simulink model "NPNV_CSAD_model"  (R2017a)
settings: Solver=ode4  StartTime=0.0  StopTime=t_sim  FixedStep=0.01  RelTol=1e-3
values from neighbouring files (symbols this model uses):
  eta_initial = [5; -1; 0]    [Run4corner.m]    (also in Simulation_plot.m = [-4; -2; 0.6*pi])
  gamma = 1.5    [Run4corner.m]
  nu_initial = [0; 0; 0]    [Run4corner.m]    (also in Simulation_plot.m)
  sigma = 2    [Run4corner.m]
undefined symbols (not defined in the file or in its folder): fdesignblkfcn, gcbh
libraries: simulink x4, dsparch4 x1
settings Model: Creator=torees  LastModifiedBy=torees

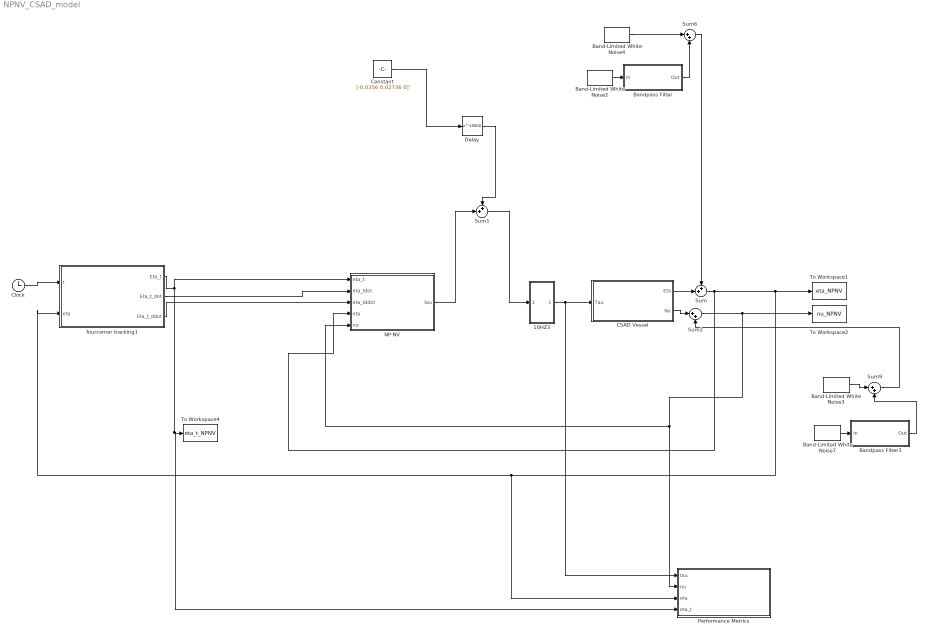
== system NPNV_CSAD_model ==
  10HZ3 : Subsystem
  Band-Limited White Noise2 : simulink/Sources/Band-Limited White Noise  Cov=posnoise  Ts=0.01  seed=[233451]
  Band-Limited White Noise3 : simulink/Sources/Band-Limited White Noise  Cov=velnoise2  Ts=0.01  seed=[233451]
  Band-Limited White Noise4 : simulink/Sources/Band-Limited White Noise  Cov=posnoise2  Ts=0.01  seed=[233451]
  Band-Limited White Noise7 : simulink/Sources/Band-Limited White Noise  Cov=velnoise  Ts=0.01  seed=[23345]
  Bandpass Filter : Subsystem  DialogController=fdesignblkfcn  InitFcn=fdesignblkfcn(gcbh, {'InitFcn'});  mask(Bandpass Filter){}
      mask help: Design a bandpass filter
      settings: CopyFcn=fdesignblkfcn(gcbh, {'CopyFcn'});
      mask Help: helpview(mapfilelocation('dsp'), 'dspbandpassfilter');
      mask Display: disp('Bandpass');
  Bandpass Filter3 : Subsystem  DialogController=fdesignblkfcn  InitFcn=fdesignblkfcn(gcbh, {'InitFcn'});  mask(Bandpass Filter){}
      mask help: Design a bandpass filter
      settings: CopyFcn=fdesignblkfcn(gcbh, {'CopyFcn'});
      mask Help: helpview(mapfilelocation('dsp'), 'dspbandpassfilter');
      mask Display: disp('Bandpass');
  CSAD Vessel : Subsystem
  Clock : Clock
  Constant : Constant  Value=[-0.0356 0.02736 0]'
  Delay : Delay  DelayLength=15000  InitialCondition=0
  NP-NV : Subsystem
  "Performance Metrics " : Subsystem
  Sum : Sum  Inputs=++|
  Sum1 : Sum  Inputs=++|
  Sum2 : Sum  Inputs=|++
  Sum6 : Sum  Inputs=|++
  Sum9 : Sum  Inputs=|++
  To Workspace1 : ToWorkspace  VariableName=eta_NPNV  SampleTime=-1
  To Workspace2 : ToWorkspace  VariableName=nu_NPNV  SampleTime=-1
  To Workspace4 : ToWorkspace  VariableName=eta_t_NPNV  SampleTime=-1
  fourcorner tracking1 : MATLAB Function  TreatAsAtomicUnit=on
  wires:
  Clock/1 -> fourcorner tracking1/1(t)
  Sum1/1 -> 10HZ3/1(In1)
  10HZ3/1(Out1) -> "Performance Metrics "/1(tau), CSAD Vessel/1(Tau)
  fourcorner tracking1/1(Eta_t) -> "Performance Metrics "/4(eta_t), To Workspace4/1, NP-NV/1(eta_t)
  fourcorner tracking1/2(Eta_t_dot) -> NP-NV/2(eta_tdot)
  fourcorner tracking1/3(Eta_t_ddot) -> NP-NV/3(eta_tddot)
  Sum6/1 -> Sum/1
  CSAD Vessel/1(Eta) -> Sum/2
  Sum/1 -> "Performance Metrics "/3(eta), fourcorner tracking1/2(eta), To Workspace1/1, NP-NV/4(eta)
  Delay/1 -> Sum1/1
  NP-NV/1(tau) -> Sum1/2
  CSAD Vessel/2(Nu) -> Sum2/1
  Sum9/1 -> Sum2/2
  Sum2/1 -> NP-NV/5(nu), "Performance Metrics "/2(nu), To Workspace2/1
  Constant/1 -> Delay/1
  Band-Limited White Noise2/1 -> Bandpass Filter/1(In)
  Band-Limited White Noise4/1 -> Sum6/1
  Bandpass Filter/1(Out) -> Sum6/2
  Bandpass Filter3/1(Out) -> Sum9/2
  Band-Limited White Noise3/1 -> Sum9/1
  Band-Limited White Noise7/1 -> Bandpass Filter3/1(In)

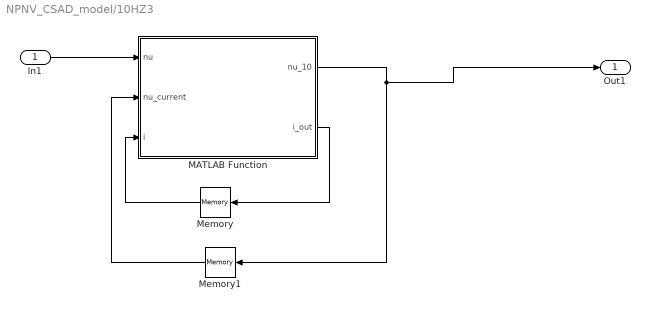
== system NPNV_CSAD_model/10HZ3 ==
  In1 : Inport
  MATLAB Function : MATLAB Function  TreatAsAtomicUnit=on
  Memory : Memory
  Memory1 : Memory
  Out1 : Outport
  wires:
  In1/1 -> MATLAB Function/1(nu)
  MATLAB Function/1(nu_10) -> Memory1/1, Out1/1
  Memory1/1 -> MATLAB Function/2(nu_current)
  MATLAB Function/2(i_out) -> Memory/1
  Memory/1 -> MATLAB Function/3(i)

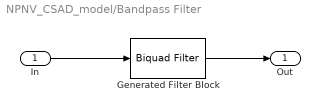
== system NPNV_CSAD_model/Bandpass Filter ==
  In : Inport
  Generated Filter Block : dsparch4/Biquad Filter  Tag=BlockMethodSubSystem  IIRFiltStruct=Direct form II  CoeffSource=Specify via dialog  BiQuadCoeffs=[0.28932621448050977 -0.19800857833013893 0.28932621448050977 1 -0.62679229449728924 0.99326477861490148;2 -1.1003519967587603 2 1 -0.60508947521969358 0.99323977127646146]  a0Flag=Warning  IC=0  ICnum=0  ICden=0  denAccumFracLength=30  denProdOutputFracLength=30  secondMemoryFracLength=15  roundingMode=Floor  overflowMode=off  ScaleValues=[0.0063942944592789474;1;8.4992509081585865]  optimizeScaleValues=off  ScaleValueMode=Specify via input port (g)  scaleValueFracLength=14  FilterSource=Specify via dialog  FilterObject=BQF
      settings: SourceProductName=DSP System Toolbox
  Out : Outport
  wires:
  In/1 -> Generated Filter Block/1
  Generated Filter Block/1 -> Out/1

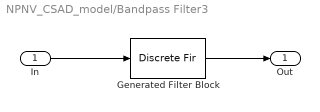
== system NPNV_CSAD_model/Bandpass Filter3 ==
  In : Inport
  Generated Filter Block : DiscreteFir  Tag=BlockMethodSubSystem  Coefficients=[-0.00079916321459414256 0.00032403449583075965 0.0011103641181887203 0.00036251169928540301 -0.0010006208701309827 -0.0010529558624241767 0.00042247970506665205 0.0014337707539335287 0.00046392998912194242 -0.0012699771729577363 -0.0013261148515873755 0.00052825480198556642 0.0017806682220775237 0.00057253310721010274 -0.0015579403216620623 -0.0016176685166059228 0.00064097161479369062 0.0021497454476688454 0.00068789900070729702 -0.0018633612906794794 -0.001926423966618558 0.00076015783376762245 0.0025394203872170606 0.00080952232829501457 -0.0021848742766087973 -0.0022509729150716933 0.00088525944440233741 0.0029478485691564844 0.00093681730481494862 -0.0025209046819104023 -0.0025897001978467645 0.0010156441843386106 0.0033729349354923851 0.0010691215618221929 -0.0028696797458744754 -0.0029407949247964556 0.0011506060003265994 0.003812348898990897 0.0012057009948789105 -0.0032292417393970374 -0.0033022641741789404 0.0012893704679716328 0.0042635424867300802 0.0013457555550174948 -0.0035974636052109902 -0.0036719491047843252 0.0014311011238421125 0.0047237713985051914 0.0014884259288208323 -0.0039720668915110471 -0.0040475433271385287 0.0015749066468750648 0.0051901187680907018 0.0016328010391898516 -0.0043506417948832978 -0.0044266133435287595 0.0017198488140888818 0.0056595213772874303 0.0017779262872743499 -0.0047306690985537492 -0.0048066208371846924 0.0018649511445690331 0.0061287980375845435 0.0019228124454002008 -0.0051095437646606241 -0.0051849465642018798 0.0020092081356957846 0.006594679822660582 0.0020664451012924151 -0.0054845999149232246 -0.0055589155781061344 0.0021515949867898466 0.0070538418073091422 0.00220779454561572 -0.0058531369131032737 -0.0059258234966891535 0.0022910776978809157 0.007502935945119746 0.0023458259879516803 -0.0062124462453399905 -0.0062829635042002249 0.0024266234252861554 0.0079386246987328078 0.0024795099809151538 -0.0065598388810737601 -0.0066276537694263263 0.0025572109712026269 0.0083576150230118152 0.0026078329282708682 -0.0068926727880481882 -0.0069572649518199582 0.002681841281647562 0.0087566922932573402 0.0027298075507009036 -0.007208380269975662 -0.0072692474638047866 0.0027995478258770264 0.0091327537677777949 0.0028444831823420526 -0.0075044947949431794 -0.0075611581577669394 0.0029094067308983286 0.0094828411767955405 0.0029509557723789931 -0.0077786769865693843 -0.0078306861110607664 0.0030105465468665557 0.0098041720378108516 0.0030483774688243128 -0.0080287394582629224 -0.0080756771915687642 0.0031021575230111413 0.010094169311068033 0.0031359656661302583 -0.0082526701835870051 -0.0082941570998561007 0.0031835002792112198 0.010350489027525429 0.0032130114043830301 -0.0084486541125467305 -0.0084843526015811205 0.0032539137653757461 0.010571045545472292 0.0032788870154664479 -0.0086150927643738641 -0.0086447106853366346 0.0033128224092882838 0.010754034120360252 0.0033330529206425396 -0.0087506215518108801 -0.0087739154062236469 0.0033597423634324232 0.010897950505146132 0.0033750634943581687 -0.0088541246196704986 -0.0088709022038571377 0.003394286772396473 0.011001607335037392 0.003404571920619809 -0.0089247470111965682 -0.008934869514801146 0.0034161699946112351 0.011064147090502434 0.0034213339808147739 -0.0089619040090547896 -0.0089652875331887021 0.003425210725237336 0.011085051475196808 0.003425210725237336 -0.0089652875331887021 -0.0089619040090547896 0.0034213339808147739 0.011064147090502434 0.0034161699946112351 -0.008934869514801146 -0.0089247470111965682 0.003404571920619809 0.011001607335037392 0.003394286772396473 -0.0088709022038571377 -0.0088541246196704986 0.0033750634943581687 0.010897950505146132 0.0033597423634324232 -0.0087739154062236469 -0.0087506215518108801 0.0033330529206425396 0.010754034120360252 0.0033128224092882838 -0.0086447106853366346 -0.0086150927643738641 0.0032788870154664479 0.010571045545472292 0.0032539137653757461 -0.0084843526015811205 -0.0084486541125467305 0.0032130114043830301 0.010350489027525429 0.0031835002792112198 ...(+2603 chars)]  InputProcessing=Columns as channels (frame based)
  Out : Outport
  wires:
  In/1 -> Generated Filter Block/1
  Generated Filter Block/1 -> Out/1

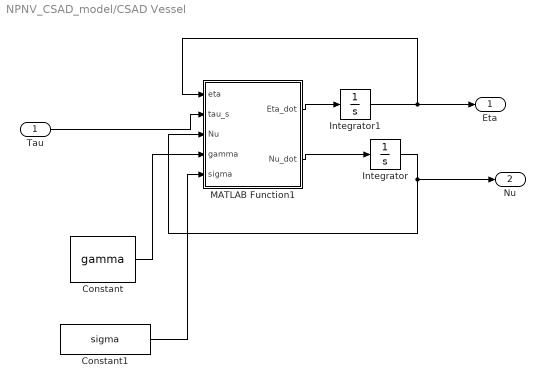
== system NPNV_CSAD_model/CSAD Vessel ==
  Tau : Inport
  Constant : Constant  Value=gamma
  Constant1 : Constant  Value=sigma
  Integrator : Integrator  InitialCondition=nu_initial
  Integrator1 : Integrator  InitialCondition=eta_initial
  MATLAB Function1 : MATLAB Function  TreatAsAtomicUnit=on
  Eta : Outport
  Nu : Outport  Port=2
  wires:
  Integrator/1 -> Nu/1, MATLAB Function1/3(Nu)
  MATLAB Function1/1(Eta_dot) -> Integrator1/1
  Integrator1/1 -> Eta/1, MATLAB Function1/1(eta)
  MATLAB Function1/2(Nu_dot) -> Integrator/1
  Tau/1 -> MATLAB Function1/2(tau_s)
  Constant1/1 -> MATLAB Function1/5(sigma)
  Constant/1 -> MATLAB Function1/4(gamma)

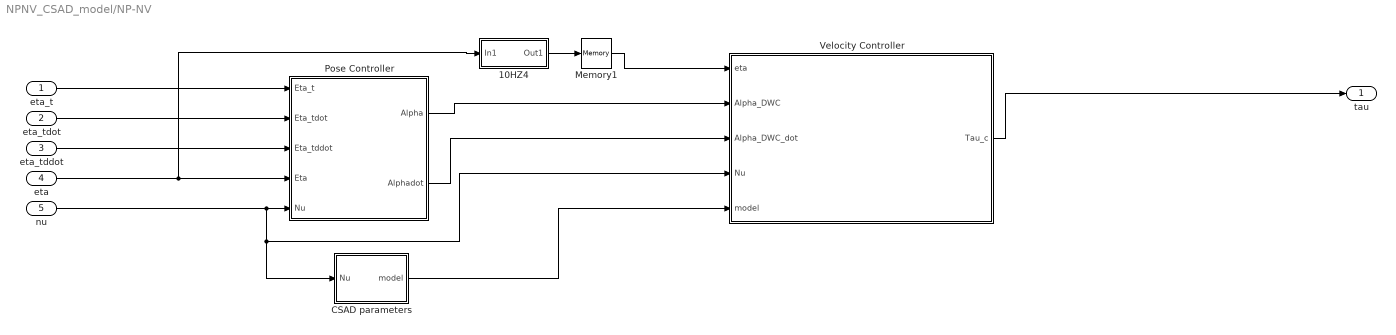
== system NPNV_CSAD_model/NP-NV ==
  eta_t : Inport
  eta_tdot : Inport  Port=2
  eta_tddot : Inport  Port=3
  eta : Inport  Port=4
  nu : Inport  Port=5
  " Pose Controller" : MATLAB Function  TreatAsAtomicUnit=on
  10HZ4 : Subsystem
  CSAD parameters : MATLAB Function  TreatAsAtomicUnit=on
  Memory1 : Memory  X0=[ 0 0 0]'
  Velocity Controller : MATLAB Function  TreatAsAtomicUnit=on
  tau : Outport
  wires:
  eta_t/1 -> " Pose Controller"/1(Eta_t)
  eta_tdot/1 -> " Pose Controller"/2(Eta_tdot)
  eta_tddot/1 -> " Pose Controller"/3(Eta_tddot)
  eta/1 -> 10HZ4/1(In1), " Pose Controller"/4(Eta)
  nu/1 -> Velocity Controller/4(Nu), CSAD parameters/1(Nu), " Pose Controller"/5(Nu)
  CSAD parameters/1(model) -> Velocity Controller/5(model)
  " Pose Controller"/2(Alphadot) -> Velocity Controller/3(Alpha_DWC_dot)
  " Pose Controller"/1(Alpha) -> Velocity Controller/2(Alpha_DWC)
  Velocity Controller/1(Tau_c) -> tau/1
  10HZ4/1(Out1) -> Memory1/1
  Memory1/1 -> Velocity Controller/1(eta)

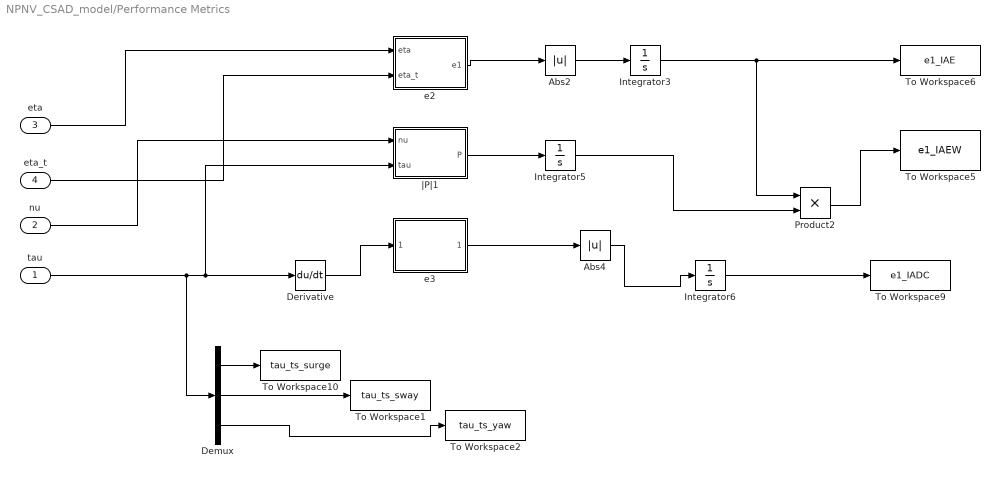
== system NPNV_CSAD_model/Performance Metrics  ==
  tau : Inport
  nu : Inport  Port=2
  eta : Inport  Port=3
  eta_t : Inport  Port=4
  Abs2 : Abs
  Abs4 : Abs
  Demux : Demux  Outputs=3
  Derivative : Derivative
  Integrator3 : Integrator
  Integrator5 : Integrator
  Integrator6 : Integrator
  Product2 : Product
  To Workspace1 : ToWorkspace  VariableName=tau_ts_sway  SaveFormat=Timeseries  SampleTime=-1
  To Workspace10 : ToWorkspace  VariableName=tau_ts_surge  SaveFormat=Timeseries  SampleTime=-1
  To Workspace2 : ToWorkspace  VariableName=tau_ts_yaw  SaveFormat=Timeseries  SampleTime=-1
  To Workspace5 : ToWorkspace  VariableName=e1_IAEW  SaveFormat=Timeseries  SampleTime=-1
  To Workspace6 : ToWorkspace  VariableName=e1_IAE  SaveFormat=Timeseries  SampleTime=-1
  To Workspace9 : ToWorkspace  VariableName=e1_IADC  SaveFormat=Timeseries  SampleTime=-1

========================================

## Activity:
Extract, word for word, every line from the one holding "MATLAB Function1/2(Nu_dot) -> Integrator/1" through the closing line of the data above. Do not include any pictures.

## Answer box:
  MATLAB Function1/2(Nu_dot) -> Integrator/1
  Tau/1 -> MATLAB Function1/2(tau_s)
  Constant1/1 -> MATLAB Function1/5(sigma)
  Constant/1 -> MATLAB Function1/4(gamma)

== system NPNV_CSAD_model/NP-NV ==
  eta_t : Inport
  eta_tdot : Inport  Port=2
  eta_tddot : Inport  Port=3
  eta : Inport  Port=4
  nu : Inport  Port=5
  " Pose Controller" : MATLAB Function  TreatAsAtomicUnit=on
  10HZ4 : Subsystem
  CSAD parameters : MATLAB Function  TreatAsAtomicUnit=on
  Memory1 : Memory  X0=[ 0 0 0]'
  Velocity Controller : MATLAB Function  TreatAsAtomicUnit=on
  tau : Outport
  wires:
  eta_t/1 -> " Pose Controller"/1(Eta_t)
  eta_tdot/1 -> " Pose Controller"/2(Eta_tdot)
  eta_tddot/1 -> " Pose Controller"/3(Eta_tddot)
  eta/1 -> 10HZ4/1(In1), " Pose Controller"/4(Eta)
  nu/1 -> Velocity Controller/4(Nu), CSAD parameters/1(Nu), " Pose Controller"/5(Nu)
  CSAD parameters/1(model) -> Velocity Controller/5(model)
  " Pose Controller"/2(Alphadot) -> Velocity Controller/3(Alpha_DWC_dot)
  " Pose Controller"/1(Alpha) -> Velocity Controller/2(Alpha_DWC)
  Velocity Controller/1(Tau_c) -> tau/1
  10HZ4/1(Out1) -> Memory1/1
  Memory1/1 -> Velocity Controller/1(eta)

== system NPNV_CSAD_model/Performance Metrics  ==
  tau : Inport
  nu : Inport  Port=2
  eta : Inport  Port=3
  eta_t : Inport  Port=4
  Abs2 : Abs
  Abs4 : Abs
  Demux : Demux  Outputs=3
  Derivative : Derivative
  Integrator3 : Integrator
  Integrator5 : Integrator
  Integrator6 : Integrator
  Product2 : Product
  To Workspace1 : ToWorkspace  VariableName=tau_ts_sway  SaveFormat=Timeseries  SampleTime=-1
  To Workspace10 : ToWorkspace  VariableName=tau_ts_surge  SaveFormat=Timeseries  SampleTime=-1
  To Workspace2 : ToWorkspace  VariableName=tau_ts_yaw  SaveFormat=Timeseries  SampleTime=-1
  To Workspace5 : ToWorkspace  VariableName=e1_IAEW  SaveFormat=Timeseries  SampleTime=-1
  To Workspace6 : ToWorkspace  VariableName=e1_IAE  SaveFormat=Timeseries  SampleTime=-1
  To Workspace9 : ToWorkspace  VariableName=e1_IADC  SaveFormat=Timeseries  SampleTime=-1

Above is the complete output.